Repeal the recent Department of the Interior rule allowing state law to determine how firearms may be carried in National Parks and wildlife refuges.  Brady offers no evidence to support its hunch that allowing permit-holders to carry concealed firearms "would increase the risk of gun crime, injury and death in the parks and wildlife refuges." But as for Brady's hunches, for the last 20 years it has predicted that allowing people to carry guns for protection will cause murder rates to soar, but people now carry guns for protection in 40 states and since 1999, murder rates have been lower than anytime since the mid-1960s.

Repeal the Tiahrt Amendment and the Protection of Lawful Commerce in Arms Act (PLCAA). Brady complains that the Tiahrt Amendment "restricts disclosure of the data to law enforcement," and prevents the BATFE from disclosing firearm-tracing data to the public. The first claim is a lie. The amendment allows BATFE to provide the data to any law enforcement agency involved in a bona fide investigation related to a traced firearm.

Tracing data is not released to the public so that, among other reasons, criminals won't know that the police are investigating them. Brady should just tell the truth, for once: even though the BATFE and Congressional Research Service repeatedly state that tracing data are not reliable enough to draw conclusions about the criminal use of guns generally, Brady wants the data so it can concoct bogus claims to use in lawsuits against firearm manufacturers who comply with every applicable firearm law.  These lawsuits are currently prohibited by the PLCAA, which Brady hopes to overturn.

Require all firearm sales to go through NICS (advocated by Mr. Obama's choice for Attorney General, Eric Holder), and allow the FBI to retain the records of all NICS-approved firearm transfers.  It used to be that Brady claimed that the only private transfers that it wanted run through NICS were those taking place at gun shows. Now, it's all private transfers, including gifts between family members and sales or trades between friends. And, it wants the FBI to record all transfers. Translation:  Gun and gun owner registration, no two ways about it.

Allow a NICS check to reject someone whose name is on an FBI watch list. This is yet another idea recommended by prospective Attorney General Holder and Obama adviser Rahm Emanuel. The obvious problem with it is that you can get on one of these lists by having the same name as a suspected criminal or terrorist, and if you are on a list, you may not be able to determine which one you are on, much less get yourself removed.  Sen. Ted Kennedy even ended up on a "no fly" list, for reasons that have not been made public.

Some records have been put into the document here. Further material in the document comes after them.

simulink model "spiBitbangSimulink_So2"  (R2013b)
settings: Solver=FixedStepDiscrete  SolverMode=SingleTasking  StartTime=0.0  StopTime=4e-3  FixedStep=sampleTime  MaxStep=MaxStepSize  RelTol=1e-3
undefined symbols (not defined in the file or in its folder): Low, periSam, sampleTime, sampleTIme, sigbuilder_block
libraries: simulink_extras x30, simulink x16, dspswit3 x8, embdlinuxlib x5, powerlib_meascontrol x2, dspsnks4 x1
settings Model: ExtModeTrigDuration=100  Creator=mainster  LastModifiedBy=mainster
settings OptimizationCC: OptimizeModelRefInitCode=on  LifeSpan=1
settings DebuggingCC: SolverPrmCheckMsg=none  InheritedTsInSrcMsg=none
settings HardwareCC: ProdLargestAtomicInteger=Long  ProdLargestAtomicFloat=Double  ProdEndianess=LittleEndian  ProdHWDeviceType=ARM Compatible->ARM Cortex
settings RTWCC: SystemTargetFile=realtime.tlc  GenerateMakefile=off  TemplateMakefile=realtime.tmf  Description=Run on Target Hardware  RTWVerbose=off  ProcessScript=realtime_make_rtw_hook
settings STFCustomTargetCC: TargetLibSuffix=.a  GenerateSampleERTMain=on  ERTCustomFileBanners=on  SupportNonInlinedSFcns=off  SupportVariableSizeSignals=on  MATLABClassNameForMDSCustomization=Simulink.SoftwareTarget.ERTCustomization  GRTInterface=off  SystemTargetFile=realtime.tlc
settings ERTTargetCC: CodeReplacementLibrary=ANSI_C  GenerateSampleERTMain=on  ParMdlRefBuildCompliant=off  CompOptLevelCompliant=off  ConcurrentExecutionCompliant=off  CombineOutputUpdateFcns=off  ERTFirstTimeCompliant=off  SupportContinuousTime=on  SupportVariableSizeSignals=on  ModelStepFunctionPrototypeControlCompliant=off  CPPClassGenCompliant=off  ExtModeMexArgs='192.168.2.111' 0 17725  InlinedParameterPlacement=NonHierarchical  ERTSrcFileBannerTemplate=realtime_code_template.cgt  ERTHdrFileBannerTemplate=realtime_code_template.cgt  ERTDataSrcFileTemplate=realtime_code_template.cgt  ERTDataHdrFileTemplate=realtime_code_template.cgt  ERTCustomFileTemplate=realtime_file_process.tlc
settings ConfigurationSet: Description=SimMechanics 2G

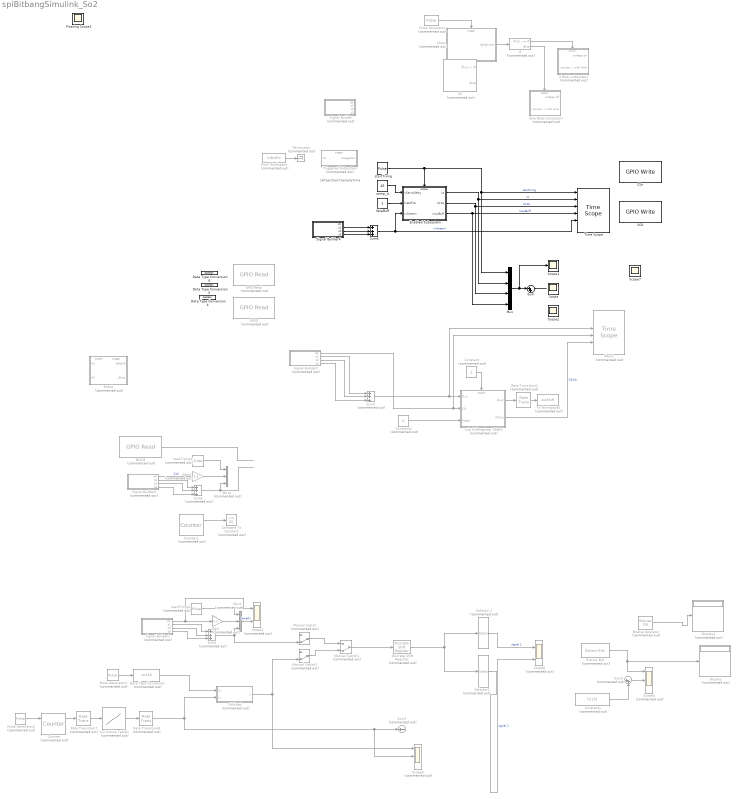
== system spiBitbangSimulink_So2 ==
  note: 16*periSam*sampleTime
  " ShiftLeft" : Subsystem  Commented=on  TreatAsAtomicUnit=on
  1-D Lookup Table1 : Lookup_n-D  Commented=on  NumberOfTableDimensions=1  BreakpointsForDimension1=[0,1,2,3,4]  IndexSearchMethod=Evenly spaced points  UseOneInputPortForAllInputData=on  Table=[3325,6553,44558,8856,60254]  TableDataTypeStr=uint16  InterpMethod=Flat  SampleTime=sampleTime  InternalRulePriority=Speed  OutDataTypeStr=uint16  RndMeth=Simplest  InputSameDT=on
  Bitwise Operator : simulink/Logic and Bit Operations/Bitwise Operator  Commented=on  logicop=OR  UseBitMask=off  BitMask=bin2dec('11011001')  BitMaskRealWorld=Real World Value
  CSn : embdlinuxlib/GPIO Write  board=Model B Rev2  gpio=27  direction=Output  blockPlatform=Raspberry Pi
  Chart : Stateflow chart  Commented=on  TreatAsAtomicUnit=on
  Compare To Constant : simulink/Logic and Bit Operations/Compare To Constant  Commented=on  relop=<=  const=25  OutDataTypeStr=boolean  ZeroCross=off
  Constant : Constant  Commented=on  SampleTime=-1
  Constant1 : Constant  Commented=on  Value=[0:15]  VectorParams1D=off  SampleTime=sampleTIme
      settings: SamplingMode=Frame based
  Constant2 : Constant  Commented=on  Value=0  OutDataTypeStr=Inherit: Inherit via back propagation  SampleTime=-1
  Counter : dspswit3/Counter  Commented=on  Direction=Up  CountEvent=Rising edge  CounterSize=User defined  MaxCount=5  InitialCount=1  Output=Count and Hit  HitValue=32  ResetInput=on  SamplesPerFrame=1  Ts=1  CntDtype=double  HitDtype=Logical
  Counter1 : dspswit3/Counter  Commented=on  Direction=Up  CountEvent=Rising edge  CounterSize=User defined  MaxCount=255  InitialCount=0  Output=Count and Hit  HitValue=32  ResetInput=on  SamplesPerFrame=1  Ts=1  CntDtype=double  HitDtype=Boolean
  Data Type Conversion : DataTypeConversion  Commented=on  OutDataTypeStr=uint16
  Data Type Conversion4 : DataTypeConversion  OutDataTypeStr=boolean
  Data Type Conversion5 : DataTypeConversion  OutDataTypeStr=boolean
  Data Type Conversion6 : DataTypeConversion  OutDataTypeStr=boolean
  Discrete Shift Register : powerlib_meascontrol/Additional Components/Discrete Shift Register  Commented=on  NSamples=16  InitialValue=0  Ts=periSam*sampleTime
  Display : Display  Commented=on
      settings: Format=decimal (Stored Integer)
  Display1 : Display  Commented=on
      settings: Format=decimal (Stored Integer)
  Else Body subsystem : Subsystem  Commented=on  TreatAsAtomicUnit=on
  Enabled Subsystem : Subsystem  TreatAsAtomicUnit=on
  Extract Bits : simulink/Logic and Bit Operations/Extract Bits  Commented=on  bitsToExtract=Range of bits  numBits=8  bitIdxRange=[0 0]  outScalingMode=Treat bit field as an integer
  From Workspace : FromWorkspace  Commented=on  VariableName=txBuffIn  SampleTime=0
  GPIO Read : embdlinuxlib/GPIO Read  Commented=on  board=Model B Rev2  gpio=4  internalResistor=Off  sampleTime=0.1  direction=Input  blockPlatform=Raspberry Pi
  Gain : Gain  Commented=on  Gain=1.1  SampleTime=sampleTime
  Gain2 : Gain  Commented=on  Gain=1.1  SampleTime=sampleTime
  If : If  Commented=on  IfExpression=u1 ~= 0
  If Body subsystem : Subsystem  Commented=on  TreatAsAtomicUnit=on
  If1 : If  Commented=on  NumInputs=2
  MISO : embdlinuxlib/GPIO Read  Commented=on  board=Model B Rev2  gpio=24  internalResistor=Off  sampleTime=0.1  direction=Input  blockPlatform=Raspberry Pi
  MISO1 : embdlinuxlib/GPIO Read  Commented=on  board=Model B Rev2  gpio=4  internalResistor=Off  sampleTime=0.1  direction=Input  blockPlatform=Raspberry Pi
  Main1 : TimeScope  Commented=on  NumInputPorts=6  DefaultConfigurationName=spbscopes.TimeScopeBlockCfg
      settings: CopyFcn=scopeextensions.ScopeBlock.onCoreBlockCopy(gcbh);  DeleteFcn=scopeextensions.ScopeBlock.callback(gcbh, 'onBlockDelete');  PreSaveFcn=scopeextensions.ScopeBlock.callback(gcbh, 'onModelSave');  NameChangeFcn=scopeextensions.ScopeBlock.callback(gcbh, 'onBlockRename');  DestroyFcn=scopeextensions.ScopeBlock.onBlockDestroy(gcbh)  CloseFcn=scopeextensions.ScopeBlock.callback(gcbh, 'onBlockClose');  PreDeleteFcn=scopeextensions.ScopeBlock.callback(gcbh, 'onBlockPreDelete');
  Manual Switch : ManualSwitch  Commented=on  CurrentSetting=0
  Manual Switch1 : ManualSwitch  Commented=on  CurrentSetting=0
  Manual Switch2 : ManualSwitch  Commented=on  CurrentSetting=0
  Mux : Mux
  Mux1 : Mux  Commented=on  Inputs=3
  Mux4 : Mux  Commented=on  Inputs=3
  Pulse Generator : DiscretePulseGenerator  Commented=on  Period=periSam  PulseWidth=periSam/2  SampleTime=-1
  Pulse Generator1 : DiscretePulseGenerator  Commented=on  Period=periSam  PulseWidth=periSam/2  SampleTime=periSam*sampleTime
  Pulse Generator2 : DiscretePulseGenerator  Commented=on  Period=periSam*16  PulseWidth=8*periSam  SampleTime=sampleTime
  Rate Transition1 : RateTransition  Commented=on  OutPortSampleTime=sampleTime*periSam
  Rate Transition7 : RateTransition  Commented=on  OutPortSampleTime=sampleTime
  Rate Transition8 : RateTransition  Commented=on  OutPortSampleTime=periSam*sampleTime
  RxSub : Subsystem  Commented=on  TreatAsAtomicUnit=on
  SCK : embdlinuxlib/GPIO Write  board=Model B Rev2  gpio=17  direction=Output  blockPlatform=Raspberry Pi
  Scope : Scope
      settings: Floating=on  ShowLegends=on  TimeRange=0.002  YMin=-0.2
  Scope1 : Scope
      settings: ShowLegends=on  TimeRange=0.002  YMin=-0.2
  Scope2 : Scope  NumInputPorts=4
      settings: Floating=on  ShowLegends=on  TimeRange=0.002  YMin=-0.2~-0.2~-0.2~-0.2  YMax=1.2~1.2~1.2~18  SaveName=ScopeData2
  Scope3 : Scope  Commented=on  NumInputPorts=2
      settings: ShowLegends=on  TimeRange=0.00032  YMin=-0.2~-5  YMax=1.6~5  SaveName=ScopeData4  SampleInput=on
  Scope4 : Scope  Commented=on  NumInputPorts=3
      settings: ShowLegends=on  TimeRange=0.00032  YMin=-0.2~-5~-5  YMax=1.6~5~5  SaveName=ScopeData5  SampleInput=on
  Scope5 : Scope  Commented=on  NumInputPorts=3
      settings: ShowLegends=on  TimeRange=0.00032  YMin=-0.2~-5~-5  YMax=1.6~5~5  SaveName=ScopeData6  SampleInput=on
  Scope6 : Scope  Commented=on  NumInputPorts=2
      settings: TimeRange=0.03  YMin=-1~-1  YMax=1~1  SaveName=ScopeData7
  Scope7 : Scope  NumInputPorts=4
      settings: ShowLegends=on  TimeRange=0.004  YMin=-0.2~-0.2~-0.2~-0.2  YMax=1.2~1.2~1.2~18  SaveName=ScopeData9
  Selector 1 : Selector  Commented=on  InputPortWidth=16  IndexOptions=Index vector (dialog)  Indices=[1:8]  OutputSizes=1
  Selector2 : Selector  Commented=on  InputPortWidth=16  IndexOptions=Index vector (dialog)  Indices=[9:16]  OutputSizes=1
  Signal Builder : Subsystem  Tag=STV Subsys  Commented=on  LoadFcn=sigbuilder_block('load');  StartFcn=sigbuilder_block('start');  StopFcn=sigbuilder_block('stop');  ClipboardFcn=sigbuilder_block('clipboard');  mask(Sigbuilder block){}
      mask help: Simulink:masks:SigbuilderBlock_MD
      mask init:
      | if ~strcmp(get_param(bdroot(gcbh),'SimulationStatus'),'stopped') tuvar = sigbuilder_block('maskInit'); end
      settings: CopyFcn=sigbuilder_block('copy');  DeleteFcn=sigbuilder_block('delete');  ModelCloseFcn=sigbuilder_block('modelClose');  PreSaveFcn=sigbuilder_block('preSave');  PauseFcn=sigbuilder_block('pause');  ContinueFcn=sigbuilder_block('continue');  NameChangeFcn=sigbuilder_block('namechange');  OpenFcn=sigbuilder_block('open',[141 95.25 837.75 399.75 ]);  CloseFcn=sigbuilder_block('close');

Prohibit the sale of more than one handgun to a single individual in a 30-day period, in order to thwart "large-volume" illegal gun traffickers.  Federal law already requires a dealer to report to law enforcement authorities whenever a person buys more than one handgun in a five-day period.  This proposal amounts to the rationing of a constitutional right with no crime-reduction benefit.

Require all new guns to micro-stamp ammunition with serial numbers linking the owner in a federal gun-owner registration database.  Most crimes are solved by other means, not by ammunition markings, and criminals could easily deface the firearm parts that would bear the serial numbers. Brady's agenda isn't about solving crimes; for them micro-stamping is another way of achieving gun and gun owner registration.

Require consumer safety standards for firearms.  Even the vehemently anti-gun Violence Policy Center has said this would lead to standards too difficult for firearm manufacturers to achieve, thus ending firearm production.

We close with yet another Brady lie, "These proposals are clearly constitutional under the U.S. Supreme Court's recent Second Amendment decision in District of Columbia v. Heller and they pose no threat to the interests of law-abiding gun owners." Heller clearly said that laws cannot deprive people of the Right to Keep and Bear Arms for defensive purposes. As for "the interests of gun owners," we'll follow the Supreme Court's example, and let gun owners speak for themselves. The Court declared D.C.'s handgun ban unconstitutional because gun owners consider handguns to be the type of firearm best suited for self-defense.